Untitled by Sam Francis

What is beauty?

Don't worry, I'm not going to try and answer that now. It's a beautiful summer day, and I'm walking through American Art looking at art, and watching people as they look at art, and trying to hear a little bit about what they say to each other about what they're seeing.

To me, somehow it all comes down to beauty--the colors the painter chooses to use, as well as his or her stroke and touch. Does similar beauty exist in the video artist's screen or the sculptor's compliant metal? Beauty seems to be everywhere, from the quiet white notes of a Sam Francis painting to the operatic, sweeping compositions of Albert Bierstadt.

I also find beauty in the way people look at the art, and especially when they look at each other right after that. With or without words, art brings us to different conversations and different ways of seeing things.

Posted by Howard on July 27, 2009 in American Art Everywhere, Seeing Things


Beauty indeed is in the eye of the beholder. Patterns of beauty are easy to identify. It's the consistency in an artist that I look for.

When I first began to study art, I was primarily interested in art as social commentary and beauty was a secondary consideration. So what I enjoyed reading most in Howard's observations was his fresh perspective of finding beauty in the way people look at art and how they see each other after that.

NCorral, that's a great point. Thank you.

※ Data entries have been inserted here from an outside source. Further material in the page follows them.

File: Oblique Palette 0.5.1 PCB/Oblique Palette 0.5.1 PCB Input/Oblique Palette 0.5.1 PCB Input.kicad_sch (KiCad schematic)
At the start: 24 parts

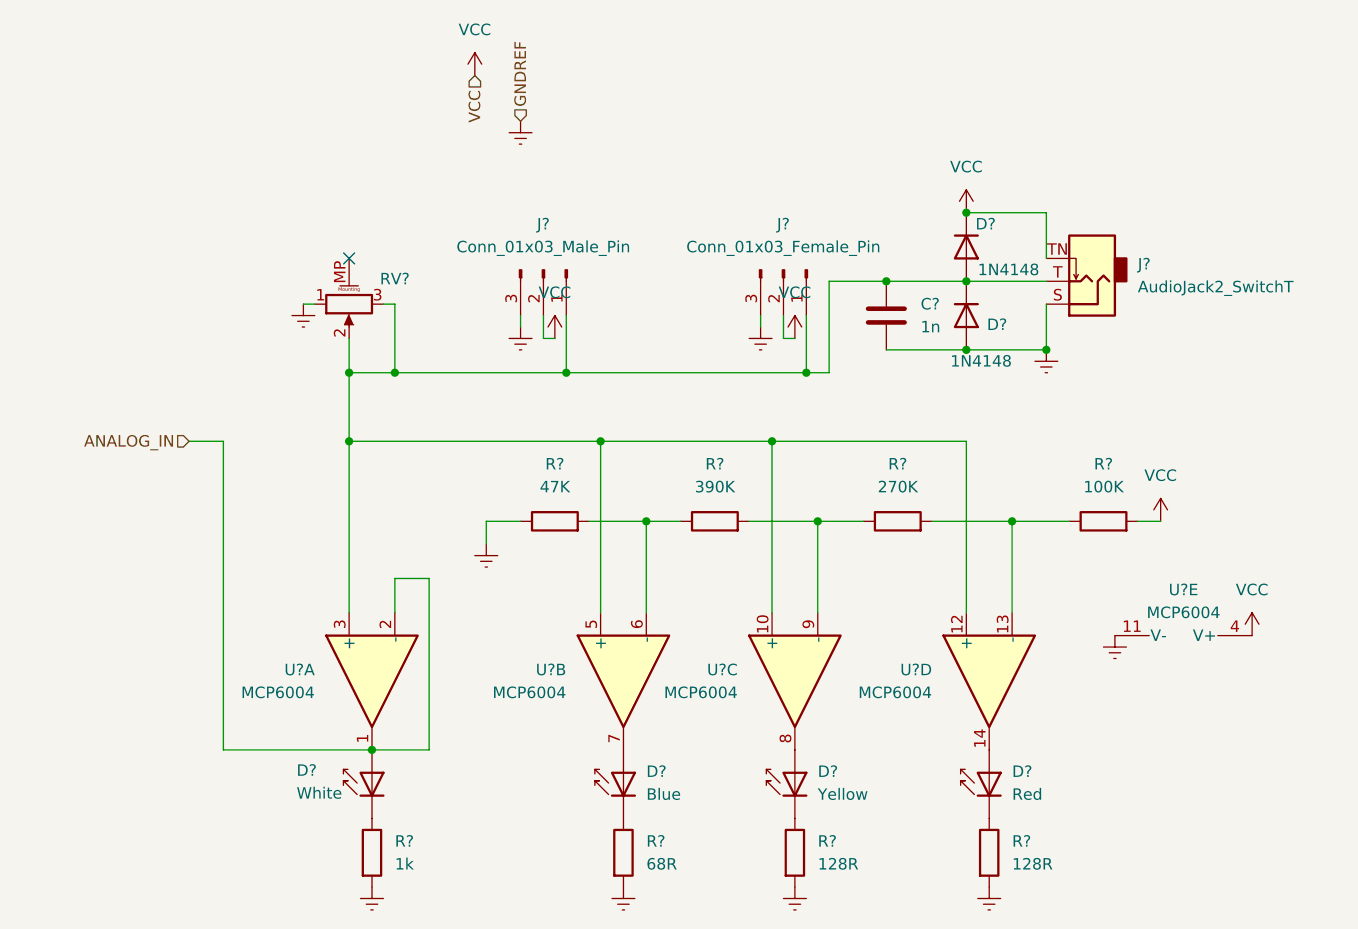
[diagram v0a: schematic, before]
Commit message: PCB corrections for 0.5.3
• Main output LED is now between op amp and feedback loop, so it will brighten at the first whiff of voltage.
• Errant wire between VBus and input potentiometer will allow us to have signals other than 5V
• Servos are now powered by V_SERVO as well as VBus.

TO DO: Differentiate A0 and A1 DACs
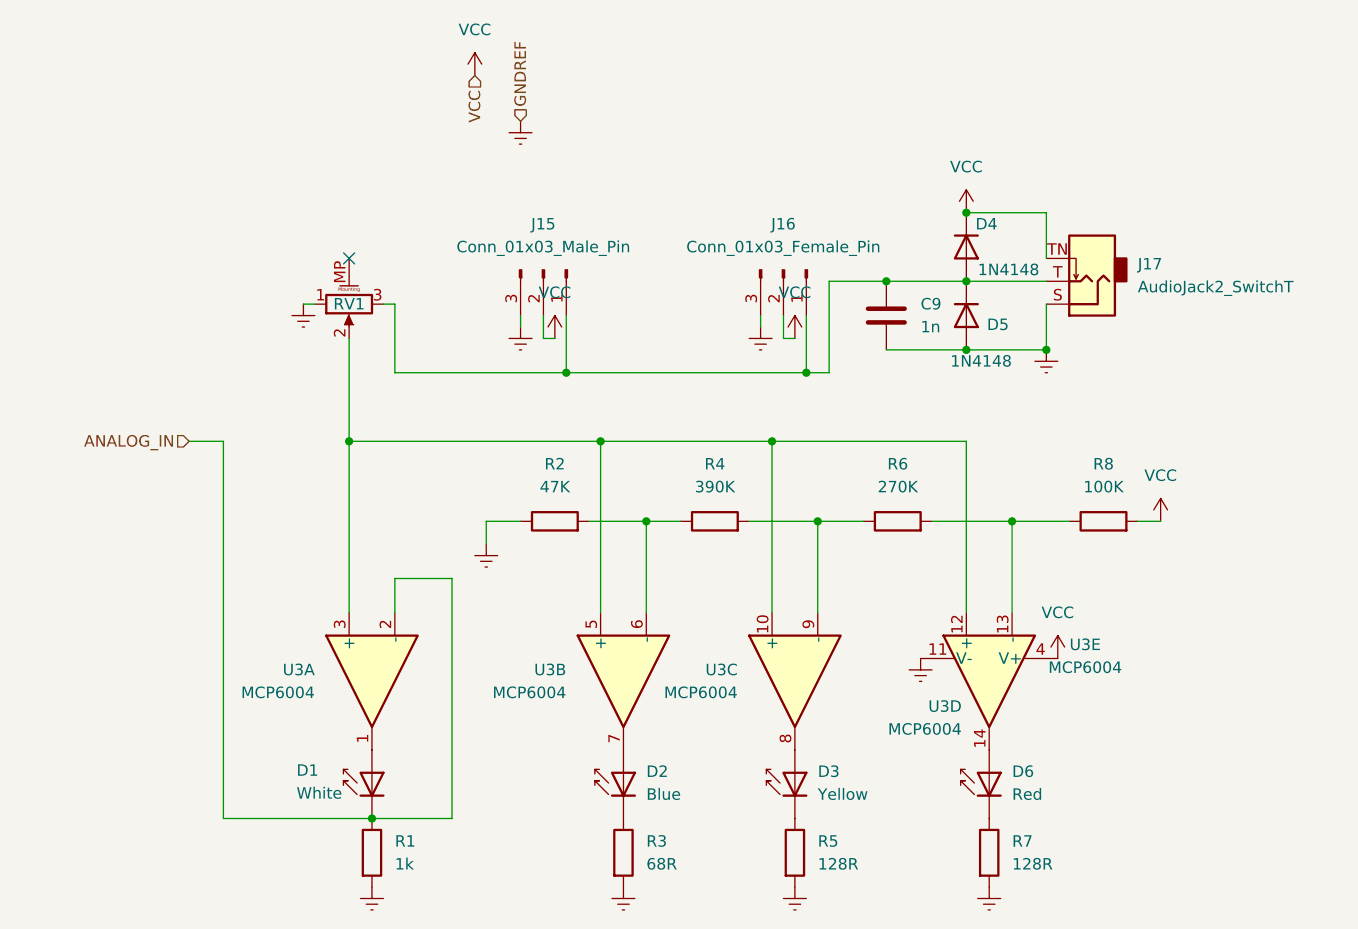
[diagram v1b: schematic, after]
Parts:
- gave numbers to parts that had none: 20
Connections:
- net ANALOG_IN: now also D1.1 (K), R1.1; no longer D1.2 (A), U3.1
- net at C9.1, D4.2 (A), D5.1 (K)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: no longer RV1.2, U3.10 (+), U3.12 (+), U3.3 (+), U3.5 (+)
- new net: D1.2 (A), U3.1
- new net: RV1.2, U3.10 (+), U3.12 (+), U3.3 (+), U3.5 (+)
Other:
- moved on the sheet: U3E

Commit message: Corrected op amp circuits on INPUT
Reduced from 4 LED indicators to 3, plus output.

WHITE now glows increasing brightness from >0V up to 5V
YELLOW turns on at 2.7V (a logical HIGH)
RED turns on at 3.6V (the danger level for 3V circuits)

The remaining op amp is now purely an output, now with a 1k resistor to reduce whoopsies while in use.
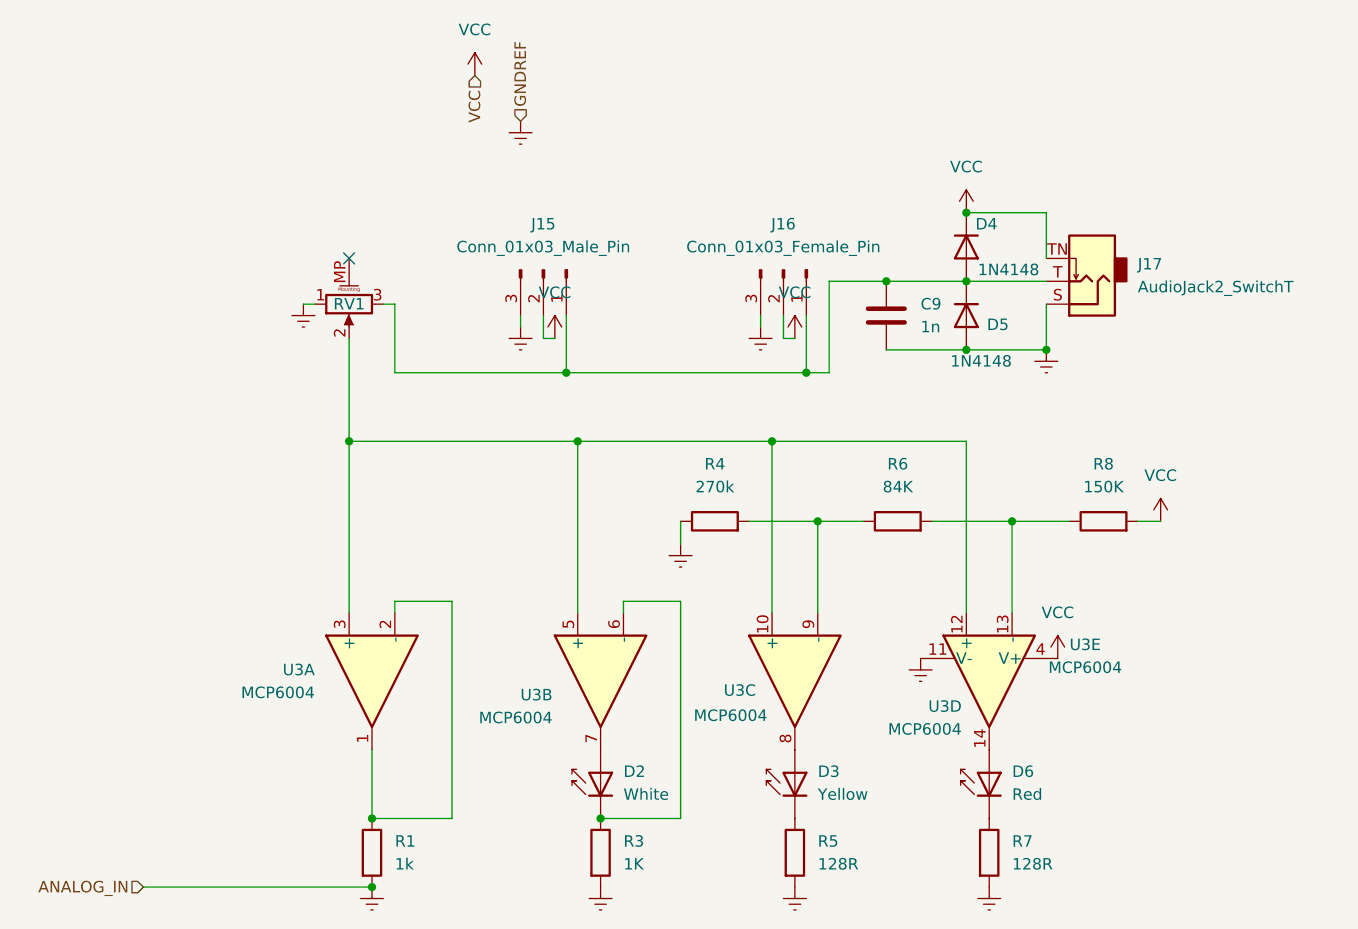
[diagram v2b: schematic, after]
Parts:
- removed D1: White, LED_THT:LED_SideEmitter_Rectangular_W4.5mm_H1.6mm, symbol LED:IRL81A
- removed R2: 47K, Resistor_SMD:R_0805_2012Metric, symbol Device:R
- D2: value Blue -> White
- R3: value 68R -> 1K
- R4: value 390K -> 270k
- R6: value 270K -> 84K
- R8: value 100K -> 150K
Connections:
- net ANALOG_IN is gone; now on an unnamed net: R1.1, U3.2 (-)
- net GNDREF: now also R4.1
- net at U3.6 (-): now also D2.1 (K), R3.1; no longer R4.1
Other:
- moved on the sheet: D2, R3, U3B

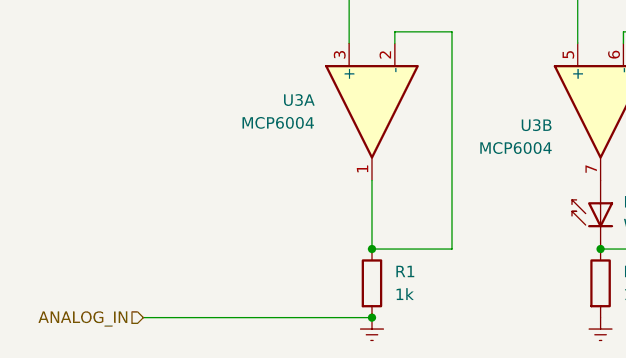
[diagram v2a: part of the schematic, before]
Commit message: Deleted redundant resistor
Realized that the input between the op amp and the µC pin didn't need a current-limiting resistor because we know exactly what's going to be there.
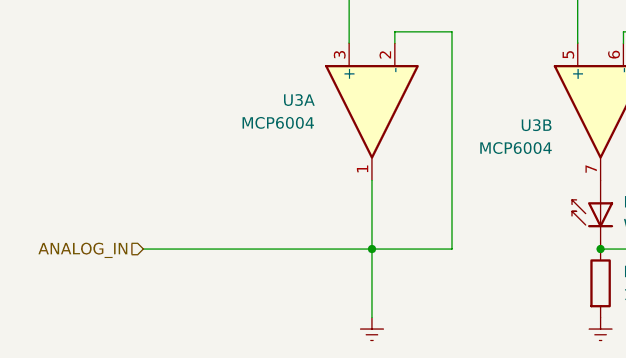
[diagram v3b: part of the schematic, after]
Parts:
- removed R1: 1k, Resistor_SMD:R_0805_2012Metric, symbol Device:R
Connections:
- net GNDREF: now also U3.1, U3.2 (-)
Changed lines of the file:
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@@
 	)
 	(junction
-		(at 105.41 128.27)
-		(diameter 0)
-		(color 0 0 0 0)
-	)
-	(junction
 		(at 149.86 78.74)
 		(diameter 0)
@@
 	(wire
 		(pts
-			(xy 80.01 128.27) (xy 105.41 128.27)
+			(xy 80.01 120.65) (xy 105.41 120.65)
 		)
 		(stroke
@@
 	(wire
 		(pts
+			(xy 105.41 120.65) (xy 105.41 128.27)
+		)
+		(stroke
+			(width 0)
+			(type default)
+		)
+	)
+	(wire
+		(pts
 			(xy 176.53 87.63) (xy 176.53 97.79)
 		)
@@
 	(hierarchical_label "ANALOG_IN"
 		(shape input)
-		(at 80.01 128.27 180)
+		(at 80.01 120.65 180)
 		(effects
 			(font
@@
 					(unit 1)
 				)
-			)
-		)
-	)
-	(symbol
-		(lib_id "Device:R")
-		(at 105.41 124.46 0)
-		(unit 1)
-		(exclude_from_sim no)
-		(in_bom yes)
-		(on_board yes)
-		(dnp no)
-		(fields_autoplaced yes)
-		(property "Reference" "R1"
-			(at 107.95 123.1899 0)
-			(effects
-				(font
-					(size 1.27 1.27)
-				)
-				(justify left)
-			)
-		)
-		(property "Value" "1k"
-			(at 107.95 125.7299 0)
-			(effects
-				(font
-					(size 1.27 1.27)
-				)
-				(justify left)
-			)
-		)
-		(property "Footprint" "Resistor_SMD:R_0805_2012Metric"
-			(at 103.632 124.46 90)
-			(effects
-				(font
-					(size 1.27 1.27)
-				)
-				(hide yes)
-			)
-		)
-		(property "Datasheet" "~"
-			(at 105.41 124.46 0)
-			(effects
-				(font
-					(size 1.27 1.27)
-				)
-				(hide yes)
-			)
-		)
-		(property "Description" "Resistor"
-			(at 105.41 124.46 0)
-			(effects
-				(font
-					(size 1.27 1.27)
-				)
-				(hide yes)
-			)
-		)
-		(pin "2"
-		)
-		(pin "1"
-		)
-		(instances
-			(project "Oblique Palette 0.4 Input Stage"
-				(path "/150b6f87-53bb-44d6-889a-48fbcb7c0f5a"
-					(reference "R?")
-					(unit 1)
-				)
-			)
-			(project "Oblique Palette 0.5.1 PCB Main"
-				(path "/28718c51-05fa-44bf-9e59-30883fb9ecef/10bc258e-81e1-44f3-990d-192650ef1d17"
-					(reference "R25")
-					(unit 1)
-				)
-				(path "/28718c51-05fa-44bf-9e59-30883fb9ecef/57e02da9-4257-4ca7-873b-16131b7a2160"
-					(reference "R9")
-					(unit 1)
-				)
-				(path "/28718c51-05fa-44bf-9e59-30883fb9ecef/7745d2af-7356-4abb-bb12-892bad795ddc"
-					(reference "R57")
-					(unit 1)
-				)
-				(path "/28718c51-05fa-44bf-9e59-30883fb9ecef/987e670c-6148-4b51-9cfd-5f14311b6128"
-					(reference "R49")
-					(unit 1)
-				)
-				(path "/28718c51-05fa-44bf-9e59-30883fb9ecef/b5a2c36a-8809-438c-979e-3df70d5c3577"
-					(reference "R41")
-					(unit 1)
-				)
-				(path "/28718c51-05fa-44bf-9e59-30883fb9ecef/b606fcb4-531c-4aac-8b9c-456946edc41a"
-					(reference "R17")
-					(unit 1)
-				)
-				(path "/28718c51-05fa-44bf-9e59-30883fb9ecef/f139377a-d7a4-4f83-81e4-8f98ca8ad38f"
-					(reference "R1")
-					(unit 1)
-				)
-				(path "/28718c51-05fa-44bf-9e59-30883fb9ecef/f541c48a-fb18-4fa4-aa45-9d69b2f53442"
-					(reference "R33")
-					(unit 1)
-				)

I spent many years studying art and still place a lot of my own value in what the art is trying to tell us and what point it is making, without any regards to beauty. I am finding that I struggle now between life in and out of the art world. I seem to have to live in one or the other, but can't live in both at the same time with the people that I work and spend time with. Outside of the academic art world, in the world I share with my community, though, I think beauty is the art and surroundings that make us happy.

Art can tell us a lot and everyone can see art different from the other. This is the beautiful thing about art.